A class of molecules formed when the body metabolises omega-3 fatty acids could inhibit cancer’s growth and spread, University of Illinois researchers report in a new study in mice.
The molecules, called endocannabinoids, are made naturally by the body and have similar properties to cannabinoids found in marijuana – but without the psychotropic effects.
In mice with tumours of osteosarcoma – a bone cancer that is notoriously painful and difficult to treat – endocannabinoids slowed the growth of tumours and blood vessels, inhibited the cancer cells from migrating and caused cancer cell death.
The results were published in the Journal of Medicinal Chemistry.
“We have a built-in endocannabinoid system which is anti-inflammatory and pain-reducing. Now we see it is also anti-cancer, stopping the cells from proliferating or migrating,” said study leader Aditi Das, a professor of comparative biosciences and an affiliate of biochemistry at Illinois.
“These molecules could address multiple problems: cancer, inflammation and pain.”
In 2017, the Illinois team identified a new group of omega-3 fatty-acid metabolites called endocannabinoid epoxides, or EDP-EAs.
They found that these molecules had anti-inflammatory properties and targeted the same receptor in the body that cannabis does.
Since cannabis has been shown to have some anti-cancer properties, in the new study the researchers investigated whether EDP-EAs also affect cancer cells.
They found that in mice with osteosarcoma tumours that metastasised to their lungs, there was an 80 percent increase in naturally occurring EDP-EAs in cancerous lung tissues over the lungs of healthy mice.
“The dramatic increase indicated that these molecules were doing something to the cancer – but we didn’t know if it was harmful or good,” Das said.
“We asked, are they trying to stop the cancer, or facilitating it?

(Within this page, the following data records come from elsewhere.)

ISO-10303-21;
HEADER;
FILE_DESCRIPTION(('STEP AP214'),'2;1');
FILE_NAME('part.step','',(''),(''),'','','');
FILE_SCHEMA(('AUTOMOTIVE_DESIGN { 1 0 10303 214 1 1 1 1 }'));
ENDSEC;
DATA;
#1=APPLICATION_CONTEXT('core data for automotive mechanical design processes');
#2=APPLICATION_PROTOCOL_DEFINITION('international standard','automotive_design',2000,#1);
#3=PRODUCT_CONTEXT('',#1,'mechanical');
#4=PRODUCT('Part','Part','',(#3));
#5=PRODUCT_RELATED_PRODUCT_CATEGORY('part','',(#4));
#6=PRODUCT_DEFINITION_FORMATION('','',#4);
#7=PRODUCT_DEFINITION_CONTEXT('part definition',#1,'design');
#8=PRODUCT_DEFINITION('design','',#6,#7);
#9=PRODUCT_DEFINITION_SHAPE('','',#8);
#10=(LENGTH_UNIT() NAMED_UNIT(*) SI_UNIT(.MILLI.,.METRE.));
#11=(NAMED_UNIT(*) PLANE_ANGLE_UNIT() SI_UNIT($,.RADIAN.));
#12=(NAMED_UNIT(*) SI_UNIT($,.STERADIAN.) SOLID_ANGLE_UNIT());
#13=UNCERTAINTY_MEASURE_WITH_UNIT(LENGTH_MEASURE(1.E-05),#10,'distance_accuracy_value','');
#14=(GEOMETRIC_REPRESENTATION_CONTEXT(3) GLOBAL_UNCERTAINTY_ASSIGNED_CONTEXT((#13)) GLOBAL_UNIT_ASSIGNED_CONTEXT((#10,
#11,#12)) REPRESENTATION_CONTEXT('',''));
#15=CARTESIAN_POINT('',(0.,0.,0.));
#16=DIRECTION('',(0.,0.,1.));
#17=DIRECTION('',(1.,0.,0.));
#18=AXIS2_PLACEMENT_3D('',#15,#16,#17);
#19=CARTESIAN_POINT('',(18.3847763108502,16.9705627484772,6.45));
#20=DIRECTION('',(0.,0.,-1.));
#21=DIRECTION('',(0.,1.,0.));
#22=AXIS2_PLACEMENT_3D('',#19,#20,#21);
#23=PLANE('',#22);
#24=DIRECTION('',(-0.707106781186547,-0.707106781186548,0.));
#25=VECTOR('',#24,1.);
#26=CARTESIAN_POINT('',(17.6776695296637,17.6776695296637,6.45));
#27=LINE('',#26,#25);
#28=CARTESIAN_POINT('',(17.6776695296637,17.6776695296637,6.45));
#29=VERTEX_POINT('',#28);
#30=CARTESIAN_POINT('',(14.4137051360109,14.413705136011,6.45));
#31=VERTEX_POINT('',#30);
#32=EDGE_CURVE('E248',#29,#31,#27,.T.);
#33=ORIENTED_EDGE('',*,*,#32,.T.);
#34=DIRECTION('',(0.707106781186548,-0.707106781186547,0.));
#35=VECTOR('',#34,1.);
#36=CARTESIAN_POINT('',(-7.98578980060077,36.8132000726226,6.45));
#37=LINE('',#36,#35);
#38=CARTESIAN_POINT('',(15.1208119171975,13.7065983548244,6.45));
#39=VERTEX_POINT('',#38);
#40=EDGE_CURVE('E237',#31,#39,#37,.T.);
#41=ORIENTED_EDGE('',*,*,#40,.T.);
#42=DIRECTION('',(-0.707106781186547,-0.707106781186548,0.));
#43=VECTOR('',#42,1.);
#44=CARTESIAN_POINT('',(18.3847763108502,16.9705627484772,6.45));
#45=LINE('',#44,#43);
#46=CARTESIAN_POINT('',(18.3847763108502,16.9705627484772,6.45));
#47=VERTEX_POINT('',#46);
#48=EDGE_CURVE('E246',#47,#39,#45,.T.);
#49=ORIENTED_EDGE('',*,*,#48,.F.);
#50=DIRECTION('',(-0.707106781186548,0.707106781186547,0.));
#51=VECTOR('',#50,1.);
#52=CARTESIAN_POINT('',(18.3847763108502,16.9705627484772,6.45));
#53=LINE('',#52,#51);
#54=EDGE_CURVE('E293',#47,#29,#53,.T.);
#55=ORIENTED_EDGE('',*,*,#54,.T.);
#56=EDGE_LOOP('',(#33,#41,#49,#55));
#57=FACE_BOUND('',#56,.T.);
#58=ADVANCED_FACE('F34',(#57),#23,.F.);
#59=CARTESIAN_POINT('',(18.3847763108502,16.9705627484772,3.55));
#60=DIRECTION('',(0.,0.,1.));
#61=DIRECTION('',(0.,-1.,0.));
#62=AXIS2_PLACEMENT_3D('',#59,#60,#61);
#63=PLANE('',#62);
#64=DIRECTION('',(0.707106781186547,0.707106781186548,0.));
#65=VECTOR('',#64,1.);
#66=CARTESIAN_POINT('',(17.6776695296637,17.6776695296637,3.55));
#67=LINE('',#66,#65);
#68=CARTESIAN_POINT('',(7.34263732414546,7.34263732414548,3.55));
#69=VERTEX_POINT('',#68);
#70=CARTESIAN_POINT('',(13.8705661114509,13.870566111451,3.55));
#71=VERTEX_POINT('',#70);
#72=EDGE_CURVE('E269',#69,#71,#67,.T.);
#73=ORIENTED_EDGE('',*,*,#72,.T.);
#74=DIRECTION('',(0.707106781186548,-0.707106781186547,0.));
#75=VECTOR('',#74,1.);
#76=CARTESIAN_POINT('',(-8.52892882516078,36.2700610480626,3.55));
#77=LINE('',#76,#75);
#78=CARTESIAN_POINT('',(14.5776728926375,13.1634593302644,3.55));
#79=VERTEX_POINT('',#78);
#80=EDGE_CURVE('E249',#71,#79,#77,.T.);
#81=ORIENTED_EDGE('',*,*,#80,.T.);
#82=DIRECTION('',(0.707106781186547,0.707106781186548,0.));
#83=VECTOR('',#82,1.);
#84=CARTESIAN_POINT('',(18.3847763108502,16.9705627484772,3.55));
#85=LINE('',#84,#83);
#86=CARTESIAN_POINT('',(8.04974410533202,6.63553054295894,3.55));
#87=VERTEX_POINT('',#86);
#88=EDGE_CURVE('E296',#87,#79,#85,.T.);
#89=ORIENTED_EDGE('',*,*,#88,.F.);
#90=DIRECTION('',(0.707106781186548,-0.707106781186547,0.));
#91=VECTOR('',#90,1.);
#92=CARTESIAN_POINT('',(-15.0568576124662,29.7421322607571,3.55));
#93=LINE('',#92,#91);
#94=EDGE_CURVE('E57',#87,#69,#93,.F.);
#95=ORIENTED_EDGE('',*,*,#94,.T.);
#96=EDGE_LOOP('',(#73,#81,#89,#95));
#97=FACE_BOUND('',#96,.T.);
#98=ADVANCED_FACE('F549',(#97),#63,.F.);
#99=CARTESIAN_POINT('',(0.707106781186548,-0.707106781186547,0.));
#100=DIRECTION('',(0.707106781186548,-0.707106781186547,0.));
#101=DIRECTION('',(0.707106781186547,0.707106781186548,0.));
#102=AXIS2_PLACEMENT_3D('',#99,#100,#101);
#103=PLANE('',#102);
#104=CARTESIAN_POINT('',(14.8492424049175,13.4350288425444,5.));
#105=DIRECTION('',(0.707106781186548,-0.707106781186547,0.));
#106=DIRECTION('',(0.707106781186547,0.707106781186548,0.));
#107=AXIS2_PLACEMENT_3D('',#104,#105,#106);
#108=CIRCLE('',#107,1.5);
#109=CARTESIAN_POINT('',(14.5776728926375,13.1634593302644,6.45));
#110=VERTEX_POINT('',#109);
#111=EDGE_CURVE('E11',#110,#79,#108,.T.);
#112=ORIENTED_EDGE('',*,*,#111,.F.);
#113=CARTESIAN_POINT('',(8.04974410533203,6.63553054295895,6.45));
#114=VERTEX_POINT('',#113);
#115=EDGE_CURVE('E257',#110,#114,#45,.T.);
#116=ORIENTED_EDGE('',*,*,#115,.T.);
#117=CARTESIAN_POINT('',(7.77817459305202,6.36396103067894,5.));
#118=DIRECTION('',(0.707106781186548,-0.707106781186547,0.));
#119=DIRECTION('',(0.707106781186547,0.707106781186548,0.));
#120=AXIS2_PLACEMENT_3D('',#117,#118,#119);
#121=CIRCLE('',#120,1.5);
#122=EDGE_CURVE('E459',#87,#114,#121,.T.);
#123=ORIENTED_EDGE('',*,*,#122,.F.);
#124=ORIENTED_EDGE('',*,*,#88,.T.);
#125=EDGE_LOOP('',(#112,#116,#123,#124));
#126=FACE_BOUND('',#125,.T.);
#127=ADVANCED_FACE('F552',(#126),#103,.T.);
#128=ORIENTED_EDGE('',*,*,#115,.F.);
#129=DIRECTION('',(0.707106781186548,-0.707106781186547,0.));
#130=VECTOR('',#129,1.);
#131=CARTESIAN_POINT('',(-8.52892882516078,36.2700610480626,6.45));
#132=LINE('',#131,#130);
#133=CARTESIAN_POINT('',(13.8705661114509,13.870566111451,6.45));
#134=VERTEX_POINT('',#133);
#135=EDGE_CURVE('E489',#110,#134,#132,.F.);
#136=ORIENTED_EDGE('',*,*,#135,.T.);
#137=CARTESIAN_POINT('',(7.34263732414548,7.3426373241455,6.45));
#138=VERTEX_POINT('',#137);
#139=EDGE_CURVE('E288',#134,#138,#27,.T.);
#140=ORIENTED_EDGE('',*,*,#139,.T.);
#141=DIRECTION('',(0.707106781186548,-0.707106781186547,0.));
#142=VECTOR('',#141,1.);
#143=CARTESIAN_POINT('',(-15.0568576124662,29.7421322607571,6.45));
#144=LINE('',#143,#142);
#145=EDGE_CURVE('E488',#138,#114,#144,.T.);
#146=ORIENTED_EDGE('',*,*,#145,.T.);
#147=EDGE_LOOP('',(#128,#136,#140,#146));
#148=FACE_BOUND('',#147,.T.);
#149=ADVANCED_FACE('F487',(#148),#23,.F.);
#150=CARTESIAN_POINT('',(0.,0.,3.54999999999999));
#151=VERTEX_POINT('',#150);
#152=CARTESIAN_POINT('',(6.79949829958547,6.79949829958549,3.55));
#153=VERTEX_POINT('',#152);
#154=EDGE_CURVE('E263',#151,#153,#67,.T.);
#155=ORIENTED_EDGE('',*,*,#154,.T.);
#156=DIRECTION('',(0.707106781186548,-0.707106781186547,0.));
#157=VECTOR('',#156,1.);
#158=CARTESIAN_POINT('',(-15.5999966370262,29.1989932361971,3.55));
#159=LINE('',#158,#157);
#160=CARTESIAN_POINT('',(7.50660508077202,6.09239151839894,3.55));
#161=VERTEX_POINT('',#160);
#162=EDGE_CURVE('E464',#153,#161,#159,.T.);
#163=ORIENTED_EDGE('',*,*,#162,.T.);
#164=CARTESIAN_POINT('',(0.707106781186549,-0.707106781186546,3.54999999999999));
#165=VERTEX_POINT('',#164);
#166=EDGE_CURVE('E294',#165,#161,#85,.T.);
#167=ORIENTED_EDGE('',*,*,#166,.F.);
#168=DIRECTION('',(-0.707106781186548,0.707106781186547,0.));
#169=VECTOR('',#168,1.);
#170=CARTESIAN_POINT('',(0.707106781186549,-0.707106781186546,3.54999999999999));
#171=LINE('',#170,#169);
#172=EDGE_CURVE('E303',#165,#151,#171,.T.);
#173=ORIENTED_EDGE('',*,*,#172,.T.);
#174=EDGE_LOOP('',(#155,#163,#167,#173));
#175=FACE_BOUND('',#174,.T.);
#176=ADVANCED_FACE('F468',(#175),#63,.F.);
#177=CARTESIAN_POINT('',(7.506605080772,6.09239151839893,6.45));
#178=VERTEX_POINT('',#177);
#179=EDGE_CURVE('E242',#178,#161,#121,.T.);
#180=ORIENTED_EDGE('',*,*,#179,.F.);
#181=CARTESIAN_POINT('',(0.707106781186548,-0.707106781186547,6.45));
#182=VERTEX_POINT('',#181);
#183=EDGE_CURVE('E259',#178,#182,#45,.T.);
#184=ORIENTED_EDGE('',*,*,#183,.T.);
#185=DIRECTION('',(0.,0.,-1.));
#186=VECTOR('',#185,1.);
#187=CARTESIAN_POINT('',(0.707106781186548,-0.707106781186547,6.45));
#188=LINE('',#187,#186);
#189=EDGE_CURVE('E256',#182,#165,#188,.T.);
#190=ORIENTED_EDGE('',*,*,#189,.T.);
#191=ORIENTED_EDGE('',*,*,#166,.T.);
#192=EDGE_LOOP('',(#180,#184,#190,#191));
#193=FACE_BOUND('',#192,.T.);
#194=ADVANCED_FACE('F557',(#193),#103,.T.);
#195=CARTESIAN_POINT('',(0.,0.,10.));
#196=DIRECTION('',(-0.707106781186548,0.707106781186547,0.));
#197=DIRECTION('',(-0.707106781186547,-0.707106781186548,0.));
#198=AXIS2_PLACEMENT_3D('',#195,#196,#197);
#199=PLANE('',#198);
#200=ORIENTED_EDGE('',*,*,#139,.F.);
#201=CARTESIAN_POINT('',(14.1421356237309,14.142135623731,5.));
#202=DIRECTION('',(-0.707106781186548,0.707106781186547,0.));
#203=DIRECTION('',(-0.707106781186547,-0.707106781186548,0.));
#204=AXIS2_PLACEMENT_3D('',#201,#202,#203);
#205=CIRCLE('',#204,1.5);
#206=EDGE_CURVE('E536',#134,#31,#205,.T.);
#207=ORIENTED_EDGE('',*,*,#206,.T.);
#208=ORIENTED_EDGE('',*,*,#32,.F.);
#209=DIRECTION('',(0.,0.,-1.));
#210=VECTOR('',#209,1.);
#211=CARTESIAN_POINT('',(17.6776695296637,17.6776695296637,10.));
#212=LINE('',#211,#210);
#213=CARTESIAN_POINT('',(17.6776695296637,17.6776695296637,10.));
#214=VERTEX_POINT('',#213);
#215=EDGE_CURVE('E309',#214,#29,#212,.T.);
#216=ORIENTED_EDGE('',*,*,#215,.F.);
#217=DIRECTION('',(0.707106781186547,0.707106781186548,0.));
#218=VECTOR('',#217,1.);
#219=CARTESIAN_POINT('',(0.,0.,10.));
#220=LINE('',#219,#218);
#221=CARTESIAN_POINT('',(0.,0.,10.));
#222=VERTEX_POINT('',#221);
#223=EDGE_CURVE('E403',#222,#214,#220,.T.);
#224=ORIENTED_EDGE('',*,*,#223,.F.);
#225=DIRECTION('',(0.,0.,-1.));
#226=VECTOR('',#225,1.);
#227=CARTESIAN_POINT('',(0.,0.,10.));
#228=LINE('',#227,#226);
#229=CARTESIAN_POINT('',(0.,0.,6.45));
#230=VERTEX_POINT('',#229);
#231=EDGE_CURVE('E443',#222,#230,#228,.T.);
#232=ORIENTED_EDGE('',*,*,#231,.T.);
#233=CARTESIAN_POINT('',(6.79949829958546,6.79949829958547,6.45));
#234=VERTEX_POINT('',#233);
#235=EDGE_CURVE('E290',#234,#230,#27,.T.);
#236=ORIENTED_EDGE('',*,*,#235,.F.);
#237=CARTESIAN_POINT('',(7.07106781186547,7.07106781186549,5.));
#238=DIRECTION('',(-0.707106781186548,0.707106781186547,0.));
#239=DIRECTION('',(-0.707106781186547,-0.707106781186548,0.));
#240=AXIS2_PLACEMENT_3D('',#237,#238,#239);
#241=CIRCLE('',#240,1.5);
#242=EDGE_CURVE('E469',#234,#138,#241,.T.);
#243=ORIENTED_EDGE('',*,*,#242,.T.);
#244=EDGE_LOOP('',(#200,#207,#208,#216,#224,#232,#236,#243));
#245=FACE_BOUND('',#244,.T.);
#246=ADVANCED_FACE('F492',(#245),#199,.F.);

So we studied the individual properties and saw that they are working against the cancer in several ways.”
The researchers found that in higher concentrations, EDP-EAs did kill cancer cells, but not as effectively as other chemotherapeutic drugs on the market.
However, the compounds also combated the osteosarcoma in other ways: They slowed tumour growth by inhibiting new blood vessels from forming to supply the tumour with nutrients, they prevented interactions between the cells, and most significantly, they appeared to stop cancerous cells from migrating.
“The major cause of death from cancer is driven by the spread of tumour cells, which requires migration of cells,” said study coauthor Timothy Fan, a professor of veterinary clinical medicine and veterinary oncology. “As such, therapies that have the potential to impede cell migration also could be useful for slowing down or inhibiting metastases.”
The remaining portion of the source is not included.